Impact of High-Intensity Workouts on Cortisol:
High-intensity workouts lead to significant elevations in cortisol levels. Studies show substantial increases in cortisol at 60% and 80% VO2max. Elevated cortisol can disrupt bodily functions and lead to health issues such as metabolic dysfunction and disrupted sleep patterns.
https://pubmed.ncbi.nlm.nih.gov/18787373/

Long-Term Implications of Elevated Cortisol:
Chronically high cortisol levels are associated with a higher perceived age, potentially accelerating aging processes. This is moderated in individuals with genetic predispositions for longevity.
Elevated cortisol also activates the tryptophan metabolism pathway, which may contribute to carcinogenesis and metabolic syndrome
https://www.sciencedirect.com/science/article/pii/S0306453012000686

Chapter 3: High Intensity Training, Elevated Cortisol and their adverse effect on Collagen Production

Understanding Collagen and Its Importance:

Collagen is a crucial protein in the human body, providing structural support to skin, bones, and connective tissues. It plays a vital role in maintaining skin elasticity and strength. As people age, collagen production naturally declines, but certain lifestyle factors, including exercise intensity, can accelerate this process.

Impact of High-Intensity Exercise on Collagen Production:
Recent studies have begun to show a direct link between high-intensity workouts and reduced collagen synthesis. Intense physical activity can increase oxidative stress and inflammation, which in turn can degrade collagen fibers and inhibit new collagen production. A recent study found that athletes engaged in high-intensity training showed a significant reduction in collagen synthesis compared to those engaged in moderate activities

Relationship between Cortisol and Collagen:
Cortisol has a relationship with collagen in the human body, which points to a connection between stress and collagen-containing tissues such as skin and joints. Cortisol-mediated inhibition of collagen type I, particularly through the transforming growth factor-beta (TGF-β) signaling pathway, can reduce collagen synthesis. A study has shown that cortisol in different concentrations can inhibit collagen type I synthesis in a dose-dependent manner, indicating a direct impact of cortisol on collagen levels.
https://www.casi.org/node/1441

Glucocorticoids and Skin Collagen:
Stress, including the physiological stress from high-intensity workouts, affects skin collagen integrity through glucocorticoid-mediated processes that alter collagen synthesis and degradation. Glucocorticoids also impact skin quality by modulating the immune system, demonstrating a comprehensive influence on skin health.

Adverse Effects of Excess Glucocorticoids (GC):
Excess GC, which can result from elevated cortisol levels due to intense physical stress, leads to several adverse effects. It significantly affects skin tissue, leading to skin thinning, hindered healing, and accelerated aging. Given collagen's major role in skin structure, GC has a direct impact on its synthesis.
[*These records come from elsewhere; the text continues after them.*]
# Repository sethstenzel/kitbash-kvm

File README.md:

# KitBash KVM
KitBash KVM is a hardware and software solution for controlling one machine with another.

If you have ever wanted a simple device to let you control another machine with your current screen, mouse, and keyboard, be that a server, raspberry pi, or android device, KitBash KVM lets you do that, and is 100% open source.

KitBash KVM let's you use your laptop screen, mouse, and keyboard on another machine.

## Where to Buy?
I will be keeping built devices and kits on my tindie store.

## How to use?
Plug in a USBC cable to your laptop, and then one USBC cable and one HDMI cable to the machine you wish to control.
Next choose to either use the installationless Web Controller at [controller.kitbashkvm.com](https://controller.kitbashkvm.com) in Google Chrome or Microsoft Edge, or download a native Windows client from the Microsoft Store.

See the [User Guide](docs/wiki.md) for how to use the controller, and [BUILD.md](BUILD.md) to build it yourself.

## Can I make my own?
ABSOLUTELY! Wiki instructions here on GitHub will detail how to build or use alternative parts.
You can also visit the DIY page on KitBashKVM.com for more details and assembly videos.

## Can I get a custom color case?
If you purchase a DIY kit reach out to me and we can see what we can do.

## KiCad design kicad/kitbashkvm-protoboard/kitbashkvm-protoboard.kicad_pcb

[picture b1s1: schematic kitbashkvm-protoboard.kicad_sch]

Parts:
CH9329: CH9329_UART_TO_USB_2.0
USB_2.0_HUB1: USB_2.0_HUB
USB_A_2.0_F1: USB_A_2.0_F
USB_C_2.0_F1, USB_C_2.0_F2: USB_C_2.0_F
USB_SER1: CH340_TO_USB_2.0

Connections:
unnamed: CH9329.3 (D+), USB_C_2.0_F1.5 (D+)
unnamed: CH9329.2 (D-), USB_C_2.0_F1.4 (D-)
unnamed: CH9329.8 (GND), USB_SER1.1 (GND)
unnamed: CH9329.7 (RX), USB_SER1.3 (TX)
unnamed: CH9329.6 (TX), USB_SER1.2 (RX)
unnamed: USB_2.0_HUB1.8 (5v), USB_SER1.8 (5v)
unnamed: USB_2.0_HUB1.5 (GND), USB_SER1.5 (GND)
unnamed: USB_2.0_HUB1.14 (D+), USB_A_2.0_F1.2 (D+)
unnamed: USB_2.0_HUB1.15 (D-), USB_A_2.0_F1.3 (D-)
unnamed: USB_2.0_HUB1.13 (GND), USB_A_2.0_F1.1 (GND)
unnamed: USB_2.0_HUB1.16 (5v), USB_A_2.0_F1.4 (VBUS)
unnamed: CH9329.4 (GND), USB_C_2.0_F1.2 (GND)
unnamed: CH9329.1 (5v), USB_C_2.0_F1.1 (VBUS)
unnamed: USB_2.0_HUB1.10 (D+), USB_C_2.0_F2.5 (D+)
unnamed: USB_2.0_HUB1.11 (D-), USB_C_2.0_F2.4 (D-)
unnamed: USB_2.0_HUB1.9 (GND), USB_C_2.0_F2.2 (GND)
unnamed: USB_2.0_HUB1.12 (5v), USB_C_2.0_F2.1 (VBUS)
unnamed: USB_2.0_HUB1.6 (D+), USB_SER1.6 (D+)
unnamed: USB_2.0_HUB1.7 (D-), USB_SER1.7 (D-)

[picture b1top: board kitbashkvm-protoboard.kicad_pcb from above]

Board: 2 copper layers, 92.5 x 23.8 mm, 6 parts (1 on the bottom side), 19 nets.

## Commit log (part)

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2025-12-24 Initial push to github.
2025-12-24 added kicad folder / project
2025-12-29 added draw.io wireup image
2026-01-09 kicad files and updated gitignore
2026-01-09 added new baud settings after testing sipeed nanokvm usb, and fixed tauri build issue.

Stress, GC, and Collagen Degradation:
Stress influences the balance of dermal collagen, either inhibiting its production or promoting its degradation. Stress-induced activation of the Hypothalamic-Pituitary-Adrenal (HPA) axis, resulting in excess GC release, can change the epidermal barrier, reduce collagen quantity and quality, and predispose the skin to bacterial infections.

https://www.ncbi.nlm.nih.gov/pmc/articles/PMC8125628/
https://www.sciencedirect.com/science/article/pii/S0889159109002013

Chapter 4: Inflammation and Physical Stress

The Link Between Intense Exercise and Systemic Inflammation:

Intense physical activity induces systemic inflammation, characterised by elevated white blood cell counts and increased pro-inflammatory cytokines like IL-6. This highlights the importance of moderating exercise intensity to avert chronic inflammatory conditions.
https://pubmed.ncbi.nlm.nih.gov/31992987/


Chapter 5: Aging and Exercise Intensity

Cortisol, Inflammation, and Accelerated Aging:

Elevated cortisol levels and chronic inflammation are closely linked to accelerated aging. Studies indicate that psychological stress can lead to Inflammageing through oxidative stress, highlighting the critical role of reactive oxygen species in this process.

The adrenal glands, responsible for cortisol production, play a key role in the body's stress response and inflammation regulation. Cortisol, as a corticosteroid, modulates immune function, influencing how the body handles stress and immunity. Additionally, in conditions like depression, increased cortisol levels can contribute to a pro-inflammatory state, potentially affecting aging and health

https://pubmed.ncbi.nlm.nih.gov/35634363/
https://www.nature.com/articles/s41574-019-0228-0
https://www.frontiersin.org/articles/10.3389/fendo.2019.00054/full
https://pubmed.ncbi.nlm.nih.gov/32645916/

Collagen Reduction and Biological Aging:
The decrease in collagen due to high-intensity workouts can accelerate biological aging. Collagen's role in maintaining skin elasticity and strength means its reduction can lead to increased wrinkles, sagging skin, and other signs of aging. Facial aging is particularly influenced by collagen levels. The skin on the face is more exposed and sensitive to changes in collagen. Thus, the accelerated collagen breakdown from high-intensity workouts can lead to more pronounced facial aging.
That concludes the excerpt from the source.